WHAT IS REQUIRED >> Across the records that follow, count each line holding "construction", and write only the total.

SUPPLIED DATA >>
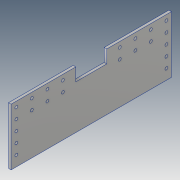
# Autodesk Inventor part: 200-40-BOGIE-CONNECTOR-06
Saved by Autodesk Inventor 2018.2 (Build 222227000, 227)
## iProperties
Manager: feesmrt
Company: FRANCOR
Part Number: 200-40-BOGIE-CONNECTOR-06
Project: Rescue Robot
Cost Center: -
Material: Aluminium 6061
Document SubType Name: Modeling
Designer: feesmrt
Engineer: feesmrt
Authority: feesmrt
Density: 2.7 g/cm^3
Appearance: Aluminium - flach
Description: Bogie Connector Verstärkungsplatte
Stock Number: 200-40-BOGIE-CONNECTOR-06
Mass: 165.052 g
Surface Area: 105.648 cm^2
Volume: 20.6315 cm^3
Subject: Rescue Robot
Author: feesmrt
Revision Number: 1
Title: Bogie Connector Verstärkungsplatte
Autodesk Inventor part; units mm, degrees
ref_plane "YZ Plane" through (0, 0, 0) normal (1, 0, 0) x (0, 1, 0)
ref_plane "XZ Plane" through (0, 0, 0) normal (0, 1, 0) x (-1, 0, 0)
ref_plane "XY Plane" through (0, 0, 0) normal (0, 0, 1) x (1, 0, 0)
sketch "Skizze1" plane through (0, 0, 0) normal (1, 0, 0) x (0, 1, 0)
  line L0 (-155, -55) -> (155, -55)
  line L1 (155, -55) -> (155, 55)
  line L2 (155, 55) -> (-155, 55)
  line L3 (-155, 55) -> (-155, -55)
  line L4 (-155, -55) -> (155, 55) construction
  line L5 (155, -55) -> (-155, 55) construction
  point P0 (0, 0)
  dimension "d43" = 310
  dimension "d44" = 110
  constraints: 12 end point, 2 midpoint, 2 parallel, 1 horizontal, 1 perpendicular
  measures "d43" distance of L1.end L2.end
  measures "d44" distance of L0.end L1.end
extrude "Grundlörper" add sketch "Skizze1" along normal blind 5
sketch "Skizze5" plane through (5, 0, 0) normal (1, 0, 0) x (0, 0, -1)
  line L0 (-55, -155) -> (55, -155) construction
  line L1 (-55, 155) -> (-55, -155) construction
  line L2 (55, 155) -> (-55, 155) construction
  line L3 (-91, 0) -> (91, 0) construction
  line L4 (0, -217) -> (0, 217) construction
  line L5 (-55, -30) -> (-30, -30)
  line L6 (-30, -30) -> (-30, 30)
  line L7 (-30, 30) -> (-55, 30)
  line L8 (-55, -30) -> (-55, 30)
  point P0 (0, 0)
  dimension "d50" = 60
  dimension "d51" = 25
  constraints: 8 end point, 2 point on line, 2 vertical, 1 perpendicular, 1 other
  measures "d50" distance between parallel lines of L7 L5
  measures "d51" distance of L5.start L5.end
extrude "Aussschnitt" cut sketch "Skizze5" against normal through all
sketch "Skizze7" plane through (5, 0, 0) normal (1, 0, 0) x (0, 0, -1)
  line L0 (-77, 0) -> (77, 0) projected
  line L1 (-55, -145) -> (55, -145) construction
  line L2 (55, -155) -> (55, 155) construction
  line L3 (-55, -155) -> (55, -155) construction
  line L4 (-55, -30) -> (-55, -155) construction
  line L5 (-55, 145) -> (55, 145) construction
  point P0 (0, 0)
  point P1 (-45, -145)
  point P2 (-25, -145)
  point P3 (-5, -145)
  point P4 (15, -145)
  point P5 (35, -145)
  point P6 (-45, -115)
  point P7 (-45, -85)
  point P8 (-45, -55)
  point P9 (-25, -145)
  point P10 (-25, -115)
  point P11 (-25, -85)
  point P12 (-25, -55)
  point P13 (-45, 145)
  point P14 (-25, 145)
  point P15 (-5, 145)
  point P16 (15, 145)
  point P17 (35, 145)
  point P18 (-45, 115)
  point P19 (-45, 85)
  point P20 (-45, 55)
  point P21 (-25, 145)
  point P22 (-25, 115)
  point P23 (-25, 85)
  point P24 (-25, 55)
  dimension "d104" = 10
  dimension "d105" = 10
  dimension "d108" = 20
  dimension "d115" = 30
  dimension "d118" = 20
  constraints: 14 symmetric about line, 4 end point, 4 point on line, 3 horizontal, 1 vertical, 11 other
  measures "d104" distance between parallel lines of L3 L1
  measures "d105" distance from line of L4 point (-45, -145)
  measures "d108" distance of point (-45, -145) point (-25, -145)
  measures "d115" distance of point (-45, -145) point (-45, -115)
  measures "d118" distance of point (-45, -145) point (-25, -145)
hole "Bohrung4" at (5, -145, 45) at (5, -145, 25) at (5, -145, 5) at (5, -145, -15) at (5, -145, -35) at (5, -115, 45) at (5, -85, 45) at (5, -55, 45) at (5, -115, 25) at (5, -85, 25) at (5, -55, 25) at (5, 55, 25) at (5, 85, 25) at (5, 115, 25) at (5, 145, 25) at (5, 55, 45) at (5, 85, 45) at (5, 115, 45) at (5, 145, -35) at (5, 145, -15) at (5, 145, 5) at (5, 145, 45) direction (-1, 0, 0) diameter 5.5 end through all

EXERCISE ANSWER >> 12